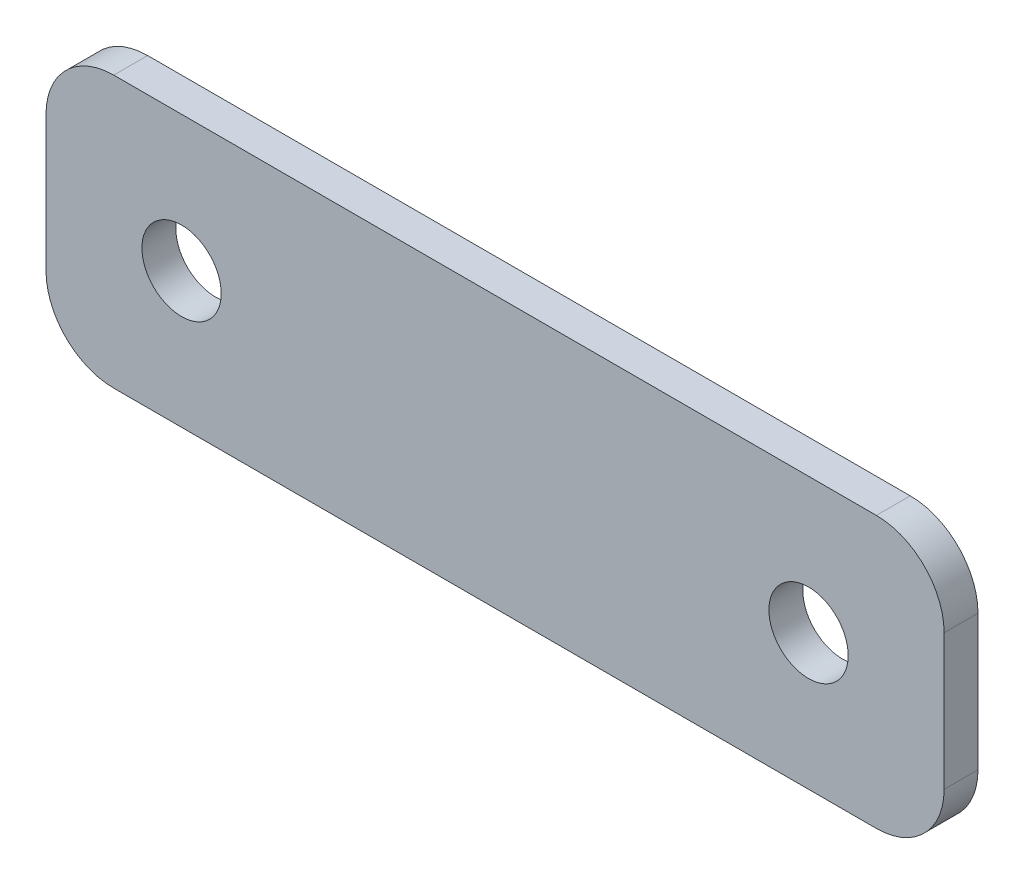
from build123d import *

# Parameters (mm, degrees)
SKETCH1_R           = 2.9718
BOSS_EXTRUDE1_DEPTH = 2.54


with BuildPart() as part:
    # Sketch1 → Boss-Extrude1 (new body)
    with BuildSketch(Plane.XY):
        with BuildLine():
            Line((-46.99, 10.16), (0, 10.16))
            Line((0, 10.16), (5.08, 10.16))
            ThreePointArc((5.08, 10.16), (8.672102448, 8.672102448), (10.16, 5.08))
            Line((10.16, 5.08), (10.16, 0))
            Line((10.16, 0), (10.16, -5.08))
            ThreePointArc((10.16, -5.08), (8.672102448, -8.672102448), (5.08, -10.16))
            Line((5.08, -10.16), (-46.99, -10.16))
            Line((-46.99, -10.16), (-52.07, -10.16))
            ThreePointArc((-52.07, -10.16), (-55.662102448, -8.672102448), (-57.15, -5.08))
            Line((-57.15, -5.08), (-57.15, 5.08))
            ThreePointArc((-57.15, 5.08), (-55.662102448, 8.672102448), (-52.07, 10.16))
            Line((-52.07, 10.16), (-46.99, 10.16))
        make_face()
        Circle(SKETCH1_R, mode=Mode.SUBTRACT)
        with Locations((-46.99, 0)):
            Circle(SKETCH1_R, mode=Mode.SUBTRACT)
    extrude(amount=BOSS_EXTRUDE1_DEPTH)


solid = part.part
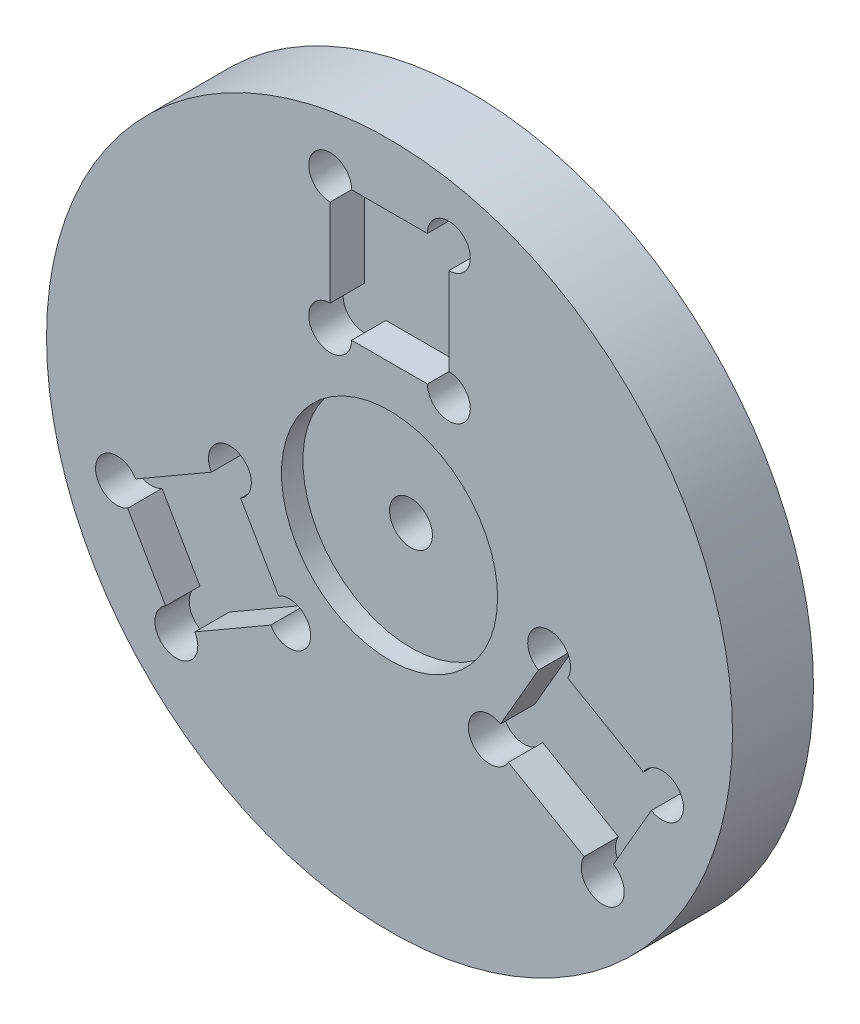
from build123d import *

# Parameters (mm, degrees)
SKETCH1_R            = 50.8
BOSS_EXTRUDE1_DEPTH  = 11.9888
SKETCH3_W            = 17.57426
SKETCH3_H            = 19.304
CUT_EXTRUDE1_DEPTH   = 5.08
SKETCH7_R            = 3.175
CORNER_RELIEFS_DEPTH = 5.08
CIRPATTERN1_COUNT    = 3
SKETCH5_R            = 16.002
MAGNET_INSET_DEPTH   = 3.175
SKETCH6_R            = 3.175
CENTRAL_HOLE_DEPTH   = 73.380681611


with BuildPart() as part:
    # Sketch1 → Boss-Extrude1 (new body)
    with BuildSketch(Plane.XY):
        with Locations(Location((0, 0, 0), (0, 0, 180))):
            Circle(SKETCH1_R)
    extrude(amount=BOSS_EXTRUDE1_DEPTH)

    # Sketch3 → Cut-Extrude1 (cut)
    with BuildSketch(Plane.XY.offset(11.9888)):
        with Locations((0, 31.877)):
            Rectangle(SKETCH3_W, SKETCH3_H)
    cut_extrude1 = extrude(amount=-CUT_EXTRUDE1_DEPTH, mode=Mode.SUBTRACT)

    # Sketch7 → corner reliefs (cut)
    with BuildSketch(Plane.XY.offset(11.9888)):
        with Locations((-8.78713, 41.529)):
            Circle(SKETCH7_R)
        with Locations((-8.78713, 22.225)):
            Circle(SKETCH7_R)
        with Locations((8.78713, 22.225)):
            Circle(SKETCH7_R)
        with Locations((8.78713, 41.529)):
            Circle(SKETCH7_R)
    corner_reliefs = extrude(amount=-CORNER_RELIEFS_DEPTH, mode=Mode.SUBTRACT)

    # CirPattern1: Cut-Extrude1, corner reliefs ×3 about axis
    cirpattern1_axis = Axis((0, 0, 0), (0, 0, 1))
    add([cut_extrude1.rotate(cirpattern1_axis, i * 360 / CIRPATTERN1_COUNT) for i in range(1, CIRPATTERN1_COUNT)], mode=Mode.SUBTRACT)
    add([corner_reliefs.rotate(cirpattern1_axis, i * 360 / CIRPATTERN1_COUNT) for i in range(1, CIRPATTERN1_COUNT)], mode=Mode.SUBTRACT)

    # Sketch5 → magnet inset (cut)
    with BuildSketch(Plane.XY.offset(11.9888)):
        Circle(SKETCH5_R)
    extrude(amount=-MAGNET_INSET_DEPTH, mode=Mode.SUBTRACT)

    # Sketch6 → central hole (cut, through all)
    with BuildSketch(Plane.XY.offset(8.8138)):
        Circle(SKETCH6_R)
    extrude(amount=-CENTRAL_HOLE_DEPTH, mode=Mode.SUBTRACT)


solid = part.part
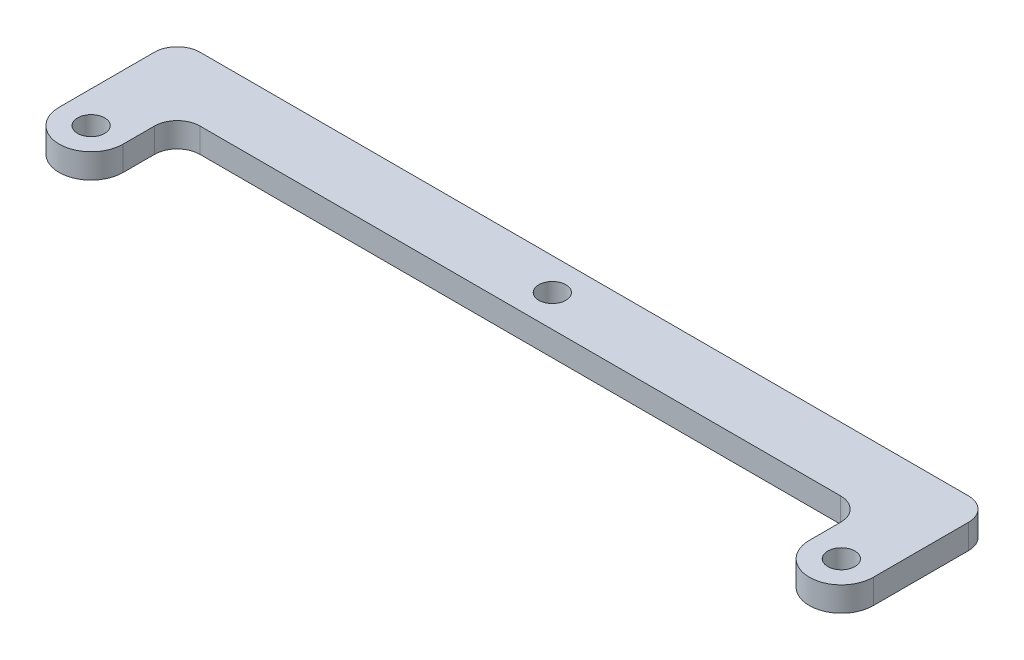
from build123d import *

# Parameters (mm, degrees)
SKETCH1_R           = 2.6
SKETCH1_R_2         = 1.1
BOSS_EXTRUDE1_DEPTH = 2


with BuildPart() as part:
    # Sketch1 → Boss-Extrude1 (new body)
    # profile 1 of 5: a face of its own
    with BuildSketch(Plane(origin=(0, 0, 0), x_dir=(1, 0, 0), z_dir=(0, 1, 0))):
        with BuildLine():
            Line((-33.1, 0.75), (-33.1, -7))
            ThreePointArc((-33.1, -7), (-30.5, -4.4), (-27.9, -7))
            Line((-27.9, -7), (-27.9, -4.45))
            ThreePointArc((-27.9, -4.45), (-27.358147545, -3.141852455), (-26.05, -2.6))
            Line((-26.05, -2.6), (-1e-09, -2.6))
            ThreePointArc((-1e-09, -2.6), (-2.6, 7e-09), (1.4e-08, 2.6))
            Line((1.4e-08, 2.6), (-31.25, 2.6))
            ThreePointArc((-31.25, 2.6), (-32.558147545, 2.058147545), (-33.1, 0.75))
        make_face()
    # profile 2 of 5: a face of its own
    with BuildSketch(Plane(origin=(0, 0, 0), x_dir=(1, 0, 0), z_dir=(0, 1, 0))):
        with BuildLine():
            Line((31.25, 2.6), (1.4e-08, 2.6))
            ThreePointArc((1.4e-08, 2.6), (1.838477636, 1.838477626), (2.6, 0))
            ThreePointArc((2.6, 0), (1.838477631, -1.838477632), (-1e-09, -2.6))
            Line((-1e-09, -2.6), (26.05, -2.6))
            ThreePointArc((26.05, -2.6), (27.358147545, -3.141852455), (27.9, -4.45))
            Line((27.9, -4.45), (27.9, -7))
            ThreePointArc((27.9, -7), (30.5, -4.4), (33.1, -7))
            Line((33.1, -7), (33.1, 0.75))
            ThreePointArc((33.1, 0.75), (32.558147545, 2.058147545), (31.25, 2.6))
        make_face()
    # profile 3 of 5: a face of its own
    with BuildSketch(Plane(origin=(0, 0, 0), x_dir=(1, 0, 0), z_dir=(0, 1, 0))):
        Circle(SKETCH1_R)
        with Locations(Location((0, 0, 0), (0, 0, 270))):
            Circle(SKETCH1_R_2, mode=Mode.SUBTRACT)
    # profile 4 of 5: a face of its own
    with BuildSketch(Plane(origin=(0, 0, 0), x_dir=(1, 0, 0), z_dir=(0, 1, 0))):
        with Locations((30.5, -7)):
            Circle(SKETCH1_R)
        with Locations(Location((30.5, -7, 0), (0, 0, 270))):
            Circle(SKETCH1_R_2, mode=Mode.SUBTRACT)
    # profile 5 of 5: a face of its own
    with BuildSketch(Plane(origin=(0, 0, 0), x_dir=(1, 0, 0), z_dir=(0, 1, 0))):
        with Locations((-30.5, -7)):
            Circle(SKETCH1_R)
        with Locations(Location((-30.5, -7, 0), (0, 0, 270))):
            Circle(SKETCH1_R_2, mode=Mode.SUBTRACT)
    extrude(amount=BOSS_EXTRUDE1_DEPTH)


solid = part.part

····················

• TASK
Output the entries exactly and keep every picture out of them.

• OUTPUT FOR THIS EXERCISE
from build123d import *

# Parameters (mm, degrees)
SKETCH1_R           = 2.9718
BOSS_EXTRUDE1_DEPTH = 2.54


with BuildPart() as part:
    # Sketch1 → Boss-Extrude1 (new body)
    with BuildSketch(Plane.XY):
        with BuildLine():
            Line((-46.99, 10.16), (0, 10.16))
            Line((0, 10.16), (5.08, 10.16))
            ThreePointArc((5.08, 10.16), (8.672102448, 8.672102448), (10.16, 5.08))
            Line((10.16, 5.08), (10.16, 0))
            Line((10.16, 0), (10.16, -5.08))
            ThreePointArc((10.16, -5.08), (8.672102448, -8.672102448), (5.08, -10.16))
            Line((5.08, -10.16), (-46.99, -10.16))
            Line((-46.99, -10.16), (-52.07, -10.16))
            ThreePointArc((-52.07, -10.16), (-55.662102448, -8.672102448), (-57.15, -5.08))
            Line((-57.15, -5.08), (-57.15, 5.08))
            ThreePointArc((-57.15, 5.08), (-55.662102448, 8.672102448), (-52.07, 10.16))
            Line((-52.07, 10.16), (-46.99, 10.16))
        make_face()
        Circle(SKETCH1_R, mode=Mode.SUBTRACT)
        with Locations((-46.99, 0)):
            Circle(SKETCH1_R, mode=Mode.SUBTRACT)
    extrude(amount=BOSS_EXTRUDE1_DEPTH)


solid = part.part
from build123d import *

# Parameters (mm, degrees)
SKETCH1_R            = 50.8
BOSS_EXTRUDE1_DEPTH  = 11.9888
SKETCH3_W            = 17.57426
SKETCH3_H            = 19.304
CUT_EXTRUDE1_DEPTH   = 5.08
SKETCH7_R            = 3.175
CORNER_RELIEFS_DEPTH = 5.08
CIRPATTERN1_COUNT    = 3
SKETCH5_R            = 16.002
MAGNET_INSET_DEPTH   = 3.175
SKETCH6_R            = 3.175
CENTRAL_HOLE_DEPTH   = 73.380681611


with BuildPart() as part:
    # Sketch1 → Boss-Extrude1 (new body)
    with BuildSketch(Plane.XY):
        with Locations(Location((0, 0, 0), (0, 0, 180))):
            Circle(SKETCH1_R)
    extrude(amount=BOSS_EXTRUDE1_DEPTH)

    # Sketch3 → Cut-Extrude1 (cut)
    with BuildSketch(Plane.XY.offset(11.9888)):
        with Locations((0, 31.877)):
            Rectangle(SKETCH3_W, SKETCH3_H)
    cut_extrude1 = extrude(amount=-CUT_EXTRUDE1_DEPTH, mode=Mode.SUBTRACT)

    # Sketch7 → corner reliefs (cut)
    with BuildSketch(Plane.XY.offset(11.9888)):
        with Locations((-8.78713, 41.529)):
            Circle(SKETCH7_R)
        with Locations((-8.78713, 22.225)):
            Circle(SKETCH7_R)
        with Locations((8.78713, 22.225)):
            Circle(SKETCH7_R)
        with Locations((8.78713, 41.529)):
            Circle(SKETCH7_R)
    corner_reliefs = extrude(amount=-CORNER_RELIEFS_DEPTH, mode=Mode.SUBTRACT)

    # CirPattern1: Cut-Extrude1, corner reliefs ×3 about axis
    cirpattern1_axis = Axis((0, 0, 0), (0, 0, 1))
    add([cut_extrude1.rotate(cirpattern1_axis, i * 360 / CIRPATTERN1_COUNT) for i in range(1, CIRPATTERN1_COUNT)], mode=Mode.SUBTRACT)
    add([corner_reliefs.rotate(cirpattern1_axis, i * 360 / CIRPATTERN1_COUNT) for i in range(1, CIRPATTERN1_COUNT)], mode=Mode.SUBTRACT)

    # Sketch5 → magnet inset (cut)
    with BuildSketch(Plane.XY.offset(11.9888)):
        Circle(SKETCH5_R)
    extrude(amount=-MAGNET_INSET_DEPTH, mode=Mode.SUBTRACT)

    # Sketch6 → central hole (cut, through all)
    with BuildSketch(Plane.XY.offset(8.8138)):
        Circle(SKETCH6_R)
    extrude(amount=-CENTRAL_HOLE_DEPTH, mode=Mode.SUBTRACT)


solid = part.part
from build123d import *

# Parameters (mm, degrees)
SKETCH1_R           = 2.6
SKETCH1_R_2         = 1.1
BOSS_EXTRUDE1_DEPTH = 2


with BuildPart() as part:
    # Sketch1 → Boss-Extrude1 (new body)
    # profile 1 of 5: a face of its own
    with BuildSketch(Plane(origin=(0, 0, 0), x_dir=(1, 0, 0), z_dir=(0, 1, 0))):
        with BuildLine():
            Line((-33.1, 0.75), (-33.1, -7))
            ThreePointArc((-33.1, -7), (-30.5, -4.4), (-27.9, -7))
            Line((-27.9, -7), (-27.9, -4.45))
            ThreePointArc((-27.9, -4.45), (-27.358147545, -3.141852455), (-26.05, -2.6))
            Line((-26.05, -2.6), (-1e-09, -2.6))
            ThreePointArc((-1e-09, -2.6), (-2.6, 7e-09), (1.4e-08, 2.6))
            Line((1.4e-08, 2.6), (-31.25, 2.6))
            ThreePointArc((-31.25, 2.6), (-32.558147545, 2.058147545), (-33.1, 0.75))
        make_face()
    # profile 2 of 5: a face of its own
    with BuildSketch(Plane(origin=(0, 0, 0), x_dir=(1, 0, 0), z_dir=(0, 1, 0))):
        with BuildLine():
            Line((31.25, 2.6), (1.4e-08, 2.6))
            ThreePointArc((1.4e-08, 2.6), (1.838477636, 1.838477626), (2.6, 0))
            ThreePointArc((2.6, 0), (1.838477631, -1.838477632), (-1e-09, -2.6))
            Line((-1e-09, -2.6), (26.05, -2.6))
            ThreePointArc((26.05, -2.6), (27.358147545, -3.141852455), (27.9, -4.45))
            Line((27.9, -4.45), (27.9, -7))
            ThreePointArc((27.9, -7), (30.5, -4.4), (33.1, -7))
            Line((33.1, -7), (33.1, 0.75))
            ThreePointArc((33.1, 0.75), (32.558147545, 2.058147545), (31.25, 2.6))
        make_face()
    # profile 3 of 5: a face of its own
    with BuildSketch(Plane(origin=(0, 0, 0), x_dir=(1, 0, 0), z_dir=(0, 1, 0))):
        Circle(SKETCH1_R)
        with Locations(Location((0, 0, 0), (0, 0, 270))):
            Circle(SKETCH1_R_2, mode=Mode.SUBTRACT)
    # profile 4 of 5: a face of its own
    with BuildSketch(Plane(origin=(0, 0, 0), x_dir=(1, 0, 0), z_dir=(0, 1, 0))):
        with Locations((30.5, -7)):
            Circle(SKETCH1_R)
        with Locations(Location((30.5, -7, 0), (0, 0, 270))):
            Circle(SKETCH1_R_2, mode=Mode.SUBTRACT)
    # profile 5 of 5: a face of its own
    with BuildSketch(Plane(origin=(0, 0, 0), x_dir=(1, 0, 0), z_dir=(0, 1, 0))):
        with Locations((-30.5, -7)):
            Circle(SKETCH1_R)
        with Locations(Location((-30.5, -7, 0), (0, 0, 270))):
            Circle(SKETCH1_R_2, mode=Mode.SUBTRACT)
    extrude(amount=BOSS_EXTRUDE1_DEPTH)


solid = part.part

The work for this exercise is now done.